Dass der 15. "Tatort" mit dem Ermittler-Team Saalfeld/Keppler an einigen Stellen etwas überambitioniert wirkt und doch 87 Minuten lang fesselt, liegt auch an der feinen Besetzung mit Wotan Wilke Möhring als zwielichtigem Streifenpolizisten, Stefan Kurt als entgleisendes Opfer sowie den drei Schlägertypen Antonio Wannek, Vincent Krüger und Jonas Nay.

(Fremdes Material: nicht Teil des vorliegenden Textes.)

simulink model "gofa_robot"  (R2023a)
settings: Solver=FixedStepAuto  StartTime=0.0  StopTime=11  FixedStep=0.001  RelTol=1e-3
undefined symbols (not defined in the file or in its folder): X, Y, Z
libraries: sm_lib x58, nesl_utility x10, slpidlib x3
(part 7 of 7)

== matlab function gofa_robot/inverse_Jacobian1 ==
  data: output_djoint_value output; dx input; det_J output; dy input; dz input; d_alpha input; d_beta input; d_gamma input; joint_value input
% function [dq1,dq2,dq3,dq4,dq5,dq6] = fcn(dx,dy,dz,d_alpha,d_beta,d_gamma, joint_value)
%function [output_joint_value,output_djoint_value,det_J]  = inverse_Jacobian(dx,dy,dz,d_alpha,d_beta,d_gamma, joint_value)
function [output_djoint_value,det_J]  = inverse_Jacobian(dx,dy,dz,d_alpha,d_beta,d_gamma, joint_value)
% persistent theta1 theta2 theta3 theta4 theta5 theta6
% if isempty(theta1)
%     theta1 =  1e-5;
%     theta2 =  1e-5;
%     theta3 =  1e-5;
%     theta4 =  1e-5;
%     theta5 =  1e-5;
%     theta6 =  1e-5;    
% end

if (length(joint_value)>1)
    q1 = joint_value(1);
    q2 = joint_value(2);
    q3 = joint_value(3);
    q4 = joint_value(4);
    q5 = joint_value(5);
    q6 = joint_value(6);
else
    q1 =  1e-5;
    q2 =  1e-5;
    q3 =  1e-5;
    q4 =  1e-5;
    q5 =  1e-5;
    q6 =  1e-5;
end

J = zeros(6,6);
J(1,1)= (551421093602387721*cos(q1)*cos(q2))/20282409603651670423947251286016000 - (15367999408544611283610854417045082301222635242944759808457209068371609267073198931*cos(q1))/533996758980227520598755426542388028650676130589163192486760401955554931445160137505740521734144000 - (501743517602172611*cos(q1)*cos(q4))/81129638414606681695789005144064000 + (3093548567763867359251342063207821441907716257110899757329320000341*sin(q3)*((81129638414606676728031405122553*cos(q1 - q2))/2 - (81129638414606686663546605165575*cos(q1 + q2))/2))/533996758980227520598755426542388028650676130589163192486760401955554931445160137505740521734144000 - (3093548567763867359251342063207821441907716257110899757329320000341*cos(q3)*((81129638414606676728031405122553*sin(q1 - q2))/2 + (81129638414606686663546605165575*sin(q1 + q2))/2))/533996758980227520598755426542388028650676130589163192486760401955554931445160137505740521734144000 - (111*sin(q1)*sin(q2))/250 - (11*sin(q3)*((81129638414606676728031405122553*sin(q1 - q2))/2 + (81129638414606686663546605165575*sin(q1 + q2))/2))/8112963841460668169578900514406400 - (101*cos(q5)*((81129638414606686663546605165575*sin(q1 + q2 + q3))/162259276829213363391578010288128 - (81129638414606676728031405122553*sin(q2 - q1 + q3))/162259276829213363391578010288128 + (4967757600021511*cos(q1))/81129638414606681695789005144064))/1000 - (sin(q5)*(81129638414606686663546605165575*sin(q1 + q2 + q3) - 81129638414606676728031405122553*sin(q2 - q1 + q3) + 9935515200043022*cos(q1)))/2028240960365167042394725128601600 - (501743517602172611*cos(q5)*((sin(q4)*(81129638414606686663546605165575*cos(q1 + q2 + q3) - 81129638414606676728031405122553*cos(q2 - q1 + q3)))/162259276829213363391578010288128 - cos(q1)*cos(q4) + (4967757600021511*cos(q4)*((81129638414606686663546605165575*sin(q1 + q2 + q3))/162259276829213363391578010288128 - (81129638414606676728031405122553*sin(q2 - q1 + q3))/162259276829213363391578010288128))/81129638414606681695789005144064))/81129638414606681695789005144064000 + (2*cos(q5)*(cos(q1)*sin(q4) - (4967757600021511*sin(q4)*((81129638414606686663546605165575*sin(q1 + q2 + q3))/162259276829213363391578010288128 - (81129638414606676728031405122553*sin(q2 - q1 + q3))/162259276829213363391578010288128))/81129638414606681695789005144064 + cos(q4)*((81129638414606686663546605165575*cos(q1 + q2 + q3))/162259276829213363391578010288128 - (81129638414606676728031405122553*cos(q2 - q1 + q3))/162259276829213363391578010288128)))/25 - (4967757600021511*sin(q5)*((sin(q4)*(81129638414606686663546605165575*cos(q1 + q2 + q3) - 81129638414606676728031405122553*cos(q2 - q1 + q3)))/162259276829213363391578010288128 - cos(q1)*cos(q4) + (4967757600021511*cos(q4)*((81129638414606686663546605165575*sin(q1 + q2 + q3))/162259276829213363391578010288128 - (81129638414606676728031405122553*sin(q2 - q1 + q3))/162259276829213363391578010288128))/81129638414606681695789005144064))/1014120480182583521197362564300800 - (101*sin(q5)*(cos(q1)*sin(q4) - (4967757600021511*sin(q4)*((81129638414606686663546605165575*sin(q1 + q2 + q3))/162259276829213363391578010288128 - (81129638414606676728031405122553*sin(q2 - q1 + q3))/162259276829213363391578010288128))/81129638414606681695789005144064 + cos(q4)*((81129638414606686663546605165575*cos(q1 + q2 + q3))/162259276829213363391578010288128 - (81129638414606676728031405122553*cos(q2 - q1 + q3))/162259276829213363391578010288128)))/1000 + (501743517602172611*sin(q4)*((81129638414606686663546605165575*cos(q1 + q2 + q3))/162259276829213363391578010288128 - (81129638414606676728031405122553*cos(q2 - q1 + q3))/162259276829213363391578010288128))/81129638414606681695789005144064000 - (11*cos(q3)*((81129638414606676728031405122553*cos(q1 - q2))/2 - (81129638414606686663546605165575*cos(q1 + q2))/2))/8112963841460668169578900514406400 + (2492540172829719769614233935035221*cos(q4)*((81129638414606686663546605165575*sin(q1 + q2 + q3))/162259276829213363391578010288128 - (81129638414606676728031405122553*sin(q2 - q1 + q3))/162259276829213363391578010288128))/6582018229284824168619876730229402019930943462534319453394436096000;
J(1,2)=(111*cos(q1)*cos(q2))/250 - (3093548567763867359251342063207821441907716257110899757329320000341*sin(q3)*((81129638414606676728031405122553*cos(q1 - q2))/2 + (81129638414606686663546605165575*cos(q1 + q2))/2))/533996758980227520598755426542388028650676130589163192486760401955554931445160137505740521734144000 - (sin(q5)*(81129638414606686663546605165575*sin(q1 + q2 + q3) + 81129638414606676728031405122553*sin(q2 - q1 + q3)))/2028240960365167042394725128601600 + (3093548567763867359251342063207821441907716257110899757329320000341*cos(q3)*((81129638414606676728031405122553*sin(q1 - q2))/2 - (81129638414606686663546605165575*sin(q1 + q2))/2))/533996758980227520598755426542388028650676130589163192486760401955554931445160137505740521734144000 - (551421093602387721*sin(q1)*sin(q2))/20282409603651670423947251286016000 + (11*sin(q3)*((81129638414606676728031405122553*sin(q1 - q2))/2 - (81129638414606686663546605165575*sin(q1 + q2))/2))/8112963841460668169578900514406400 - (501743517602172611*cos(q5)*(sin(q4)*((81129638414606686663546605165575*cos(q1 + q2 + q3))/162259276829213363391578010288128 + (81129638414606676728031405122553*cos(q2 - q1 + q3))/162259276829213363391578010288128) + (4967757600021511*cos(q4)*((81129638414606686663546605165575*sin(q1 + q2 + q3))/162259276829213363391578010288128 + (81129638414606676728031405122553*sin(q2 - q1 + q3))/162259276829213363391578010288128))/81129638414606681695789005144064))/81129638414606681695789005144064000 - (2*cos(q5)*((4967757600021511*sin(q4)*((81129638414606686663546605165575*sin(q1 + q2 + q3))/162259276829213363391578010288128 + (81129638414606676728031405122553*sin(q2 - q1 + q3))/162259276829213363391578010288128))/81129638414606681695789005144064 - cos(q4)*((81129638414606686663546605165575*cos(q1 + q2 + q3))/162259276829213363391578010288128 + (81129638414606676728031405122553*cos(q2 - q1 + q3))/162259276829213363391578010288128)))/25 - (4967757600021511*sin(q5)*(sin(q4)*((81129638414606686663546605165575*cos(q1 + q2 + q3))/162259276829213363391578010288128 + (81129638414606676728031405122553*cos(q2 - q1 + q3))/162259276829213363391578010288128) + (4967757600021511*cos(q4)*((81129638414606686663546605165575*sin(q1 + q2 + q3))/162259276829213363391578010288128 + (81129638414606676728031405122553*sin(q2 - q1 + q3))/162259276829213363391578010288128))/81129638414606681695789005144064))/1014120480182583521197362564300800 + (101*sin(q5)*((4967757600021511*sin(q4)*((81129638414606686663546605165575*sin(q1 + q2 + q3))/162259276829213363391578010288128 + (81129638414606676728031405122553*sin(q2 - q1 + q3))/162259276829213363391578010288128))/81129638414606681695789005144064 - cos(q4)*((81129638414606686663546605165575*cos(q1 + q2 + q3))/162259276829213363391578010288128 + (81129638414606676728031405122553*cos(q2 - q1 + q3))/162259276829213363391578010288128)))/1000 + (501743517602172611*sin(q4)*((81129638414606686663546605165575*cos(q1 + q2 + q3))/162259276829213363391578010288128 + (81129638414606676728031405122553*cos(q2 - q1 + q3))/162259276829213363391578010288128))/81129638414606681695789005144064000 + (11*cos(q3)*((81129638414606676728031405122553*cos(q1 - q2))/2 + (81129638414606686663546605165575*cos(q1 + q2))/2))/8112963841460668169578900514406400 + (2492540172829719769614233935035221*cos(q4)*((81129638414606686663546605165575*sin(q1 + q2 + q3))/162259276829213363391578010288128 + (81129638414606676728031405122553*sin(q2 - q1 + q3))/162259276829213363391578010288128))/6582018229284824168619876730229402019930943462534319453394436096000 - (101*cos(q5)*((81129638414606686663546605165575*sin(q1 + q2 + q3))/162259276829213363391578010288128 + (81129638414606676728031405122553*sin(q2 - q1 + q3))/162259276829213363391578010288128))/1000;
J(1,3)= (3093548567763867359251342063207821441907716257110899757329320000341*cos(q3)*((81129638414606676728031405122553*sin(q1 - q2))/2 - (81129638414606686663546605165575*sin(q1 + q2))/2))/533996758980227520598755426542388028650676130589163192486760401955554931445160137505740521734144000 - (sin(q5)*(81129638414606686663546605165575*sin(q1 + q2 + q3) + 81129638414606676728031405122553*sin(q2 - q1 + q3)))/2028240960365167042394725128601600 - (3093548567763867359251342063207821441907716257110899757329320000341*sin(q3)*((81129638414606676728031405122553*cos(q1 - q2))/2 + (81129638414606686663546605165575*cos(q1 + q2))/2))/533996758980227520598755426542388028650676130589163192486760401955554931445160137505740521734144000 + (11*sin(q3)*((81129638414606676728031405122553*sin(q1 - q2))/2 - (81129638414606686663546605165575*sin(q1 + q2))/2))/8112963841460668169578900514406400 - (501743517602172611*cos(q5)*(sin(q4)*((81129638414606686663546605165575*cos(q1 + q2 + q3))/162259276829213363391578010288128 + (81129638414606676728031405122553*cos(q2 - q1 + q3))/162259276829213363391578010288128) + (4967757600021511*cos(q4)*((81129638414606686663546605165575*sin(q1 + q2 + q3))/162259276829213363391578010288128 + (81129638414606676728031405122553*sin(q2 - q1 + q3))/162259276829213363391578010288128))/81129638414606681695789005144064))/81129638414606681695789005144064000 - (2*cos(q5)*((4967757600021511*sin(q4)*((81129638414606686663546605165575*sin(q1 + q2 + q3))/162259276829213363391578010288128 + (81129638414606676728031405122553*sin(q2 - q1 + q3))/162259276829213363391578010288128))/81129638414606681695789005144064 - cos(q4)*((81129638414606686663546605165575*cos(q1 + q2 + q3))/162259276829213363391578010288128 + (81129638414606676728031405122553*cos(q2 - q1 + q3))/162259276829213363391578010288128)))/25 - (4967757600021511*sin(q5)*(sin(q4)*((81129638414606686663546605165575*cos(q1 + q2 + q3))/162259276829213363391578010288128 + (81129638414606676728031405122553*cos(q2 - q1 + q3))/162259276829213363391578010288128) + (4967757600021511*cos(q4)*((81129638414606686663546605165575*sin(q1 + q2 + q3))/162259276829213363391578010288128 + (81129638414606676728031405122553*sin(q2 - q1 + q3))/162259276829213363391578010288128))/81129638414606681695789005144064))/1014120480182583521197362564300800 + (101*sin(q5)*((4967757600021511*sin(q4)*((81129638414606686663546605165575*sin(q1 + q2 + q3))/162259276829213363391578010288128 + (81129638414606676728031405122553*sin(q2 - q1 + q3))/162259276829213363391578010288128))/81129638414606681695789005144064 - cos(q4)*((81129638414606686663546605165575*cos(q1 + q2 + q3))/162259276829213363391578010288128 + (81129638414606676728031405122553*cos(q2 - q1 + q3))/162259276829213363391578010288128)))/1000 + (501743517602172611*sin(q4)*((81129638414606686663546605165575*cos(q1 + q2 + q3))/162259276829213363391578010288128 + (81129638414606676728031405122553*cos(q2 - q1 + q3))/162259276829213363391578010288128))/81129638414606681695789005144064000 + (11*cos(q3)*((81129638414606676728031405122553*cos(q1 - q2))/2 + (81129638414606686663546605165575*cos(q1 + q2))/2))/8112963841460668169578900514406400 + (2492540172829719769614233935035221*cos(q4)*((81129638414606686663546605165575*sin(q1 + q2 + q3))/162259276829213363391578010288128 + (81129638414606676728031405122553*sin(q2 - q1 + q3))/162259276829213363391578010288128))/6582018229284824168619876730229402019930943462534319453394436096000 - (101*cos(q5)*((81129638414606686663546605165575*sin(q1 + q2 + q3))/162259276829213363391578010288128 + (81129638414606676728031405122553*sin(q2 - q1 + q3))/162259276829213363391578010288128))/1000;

Martin Wuttke ist schauspielerisch ohnehin immer ein Bank, was großzügig über die oft steif wirkende Simone Thomalla hinweg blicken lässt.

Thomalla mag die "Tatort"-Flut nicht

Künftig wird das Leipziger Duo nur noch zweimal im Jahr zu sehen sein, denn der MDR zeigt nächstes Jahr einen neuen Sonntagabendkrimi aus Erfurt sowie zu Weihnachten einen "Event-Tatort" aus Weimar mit Christian Ulmen und Nora Tschirner. Fans von Wotan Wilke Möhring können sich zudem darauf freuen, ihn in künftig als Kommissar in Norddeutschland ermitteln zu sehen.

Zusammen mit dem neuen Team aus Dortmund sowie Till Schweiger in Hamburg hat die ARD ihre Erfolgsreihe innerhalb von nicht einmal zwei Jahren von 17 auf 21 "Tatorte" aufgebläht. Darstellerin Simone Thomalla missfällt die neue Vielfalt. "Viele Zuschauer wüssten kaum noch wer zu welchem Team gehört", sagte sie der "Superillu" und fürchtet, dass das Besondere am "Tatort" auf der Strecke bleibe und dass er dadurch immer mehr zu einem beliebigen Krimi wird. Solange aber immer wieder ein sehenswerter Fall wie "Todesschütze" dabei ist, braucht sich die ARD noch keine ernsthaften Qualitätssorgen zu machen.